The white paper was prepared by members of the Working Group of the Innovative Digitized Products and Processes Subcommittee of the ABA’s Derivatives and Futures Law Committee with the goal of providing a resource and analytical framework for considering, among others, potential issues of jurisdictional overlap between the CFTC and SEC. It is hoped that the white paper will prove to be a valuable resource for legal practitioners and others who are active in the digital asset arena, as well as for policy makers.

 

Court reinstates assault lawsuits against lawyer Mike Morse
 

SOUTHFIELD, Mich. (AP) — The Michigan appeals court has overturned key rulings and reinstated lawsuits against a popular personal-injury lawyer who is accused of sexually assaulting two women who worked at his Detroit-area firm.

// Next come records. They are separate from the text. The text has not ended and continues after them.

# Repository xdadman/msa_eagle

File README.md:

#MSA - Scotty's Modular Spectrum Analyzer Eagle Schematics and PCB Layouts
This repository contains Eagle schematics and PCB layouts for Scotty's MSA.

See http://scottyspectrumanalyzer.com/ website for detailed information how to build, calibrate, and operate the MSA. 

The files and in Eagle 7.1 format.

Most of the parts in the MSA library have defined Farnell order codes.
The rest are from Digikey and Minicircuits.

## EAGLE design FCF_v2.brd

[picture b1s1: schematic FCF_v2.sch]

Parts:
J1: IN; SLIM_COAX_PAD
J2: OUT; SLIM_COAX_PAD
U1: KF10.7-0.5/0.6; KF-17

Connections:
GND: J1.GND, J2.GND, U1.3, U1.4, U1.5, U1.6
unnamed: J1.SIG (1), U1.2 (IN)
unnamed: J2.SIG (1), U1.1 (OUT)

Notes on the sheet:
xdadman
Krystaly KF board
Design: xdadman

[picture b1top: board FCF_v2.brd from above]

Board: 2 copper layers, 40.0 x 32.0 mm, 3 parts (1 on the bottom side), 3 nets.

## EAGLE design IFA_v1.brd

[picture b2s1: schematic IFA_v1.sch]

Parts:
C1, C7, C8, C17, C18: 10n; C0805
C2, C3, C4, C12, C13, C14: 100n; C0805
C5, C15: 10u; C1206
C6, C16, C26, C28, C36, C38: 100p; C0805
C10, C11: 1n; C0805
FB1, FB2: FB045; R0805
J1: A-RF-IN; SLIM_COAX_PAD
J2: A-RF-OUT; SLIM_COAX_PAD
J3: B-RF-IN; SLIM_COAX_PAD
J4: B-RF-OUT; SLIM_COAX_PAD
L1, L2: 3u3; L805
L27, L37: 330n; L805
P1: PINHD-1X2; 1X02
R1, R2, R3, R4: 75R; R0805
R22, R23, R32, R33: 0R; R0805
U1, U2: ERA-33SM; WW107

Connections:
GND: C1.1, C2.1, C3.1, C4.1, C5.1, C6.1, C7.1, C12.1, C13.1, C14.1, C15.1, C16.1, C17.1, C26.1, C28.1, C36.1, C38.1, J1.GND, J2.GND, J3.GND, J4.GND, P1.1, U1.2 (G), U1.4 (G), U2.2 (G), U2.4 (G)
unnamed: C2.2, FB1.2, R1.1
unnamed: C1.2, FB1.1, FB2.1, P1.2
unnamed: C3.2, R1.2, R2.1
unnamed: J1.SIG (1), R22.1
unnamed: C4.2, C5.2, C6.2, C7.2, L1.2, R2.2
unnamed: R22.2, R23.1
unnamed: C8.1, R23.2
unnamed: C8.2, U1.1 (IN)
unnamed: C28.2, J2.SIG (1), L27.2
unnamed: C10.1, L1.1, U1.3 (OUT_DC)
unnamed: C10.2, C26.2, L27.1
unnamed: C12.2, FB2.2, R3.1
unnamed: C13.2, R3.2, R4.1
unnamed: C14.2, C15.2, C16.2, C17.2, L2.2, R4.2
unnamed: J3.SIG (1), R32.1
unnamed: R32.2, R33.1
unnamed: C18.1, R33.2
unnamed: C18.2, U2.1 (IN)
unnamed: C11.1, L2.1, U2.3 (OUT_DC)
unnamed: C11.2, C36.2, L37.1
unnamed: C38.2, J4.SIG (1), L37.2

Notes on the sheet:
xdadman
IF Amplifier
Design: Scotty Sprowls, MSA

Judges in Oakland and Wayne counties had said the claims against Mike Morse needed to be handled privately through an arbitration process. But the appeals court says an arbitration clause for employees at Morse’s firm doesn’t fit these cases.

Morse is accused of grabbing the breasts of a paralegal and a receptionist in separate incidents. He denies the allegations.

The court says sending the complaints to arbitration “would effectively perpetuate a culture that silences victims of sexual assault and allows abusers to quietly settle these claims behind an arbitrator’s closed door.” Judges Kathleen Jensen and Jane Beckering were in the 2-1 majority.

Judge Colleen O’Brien disagreed.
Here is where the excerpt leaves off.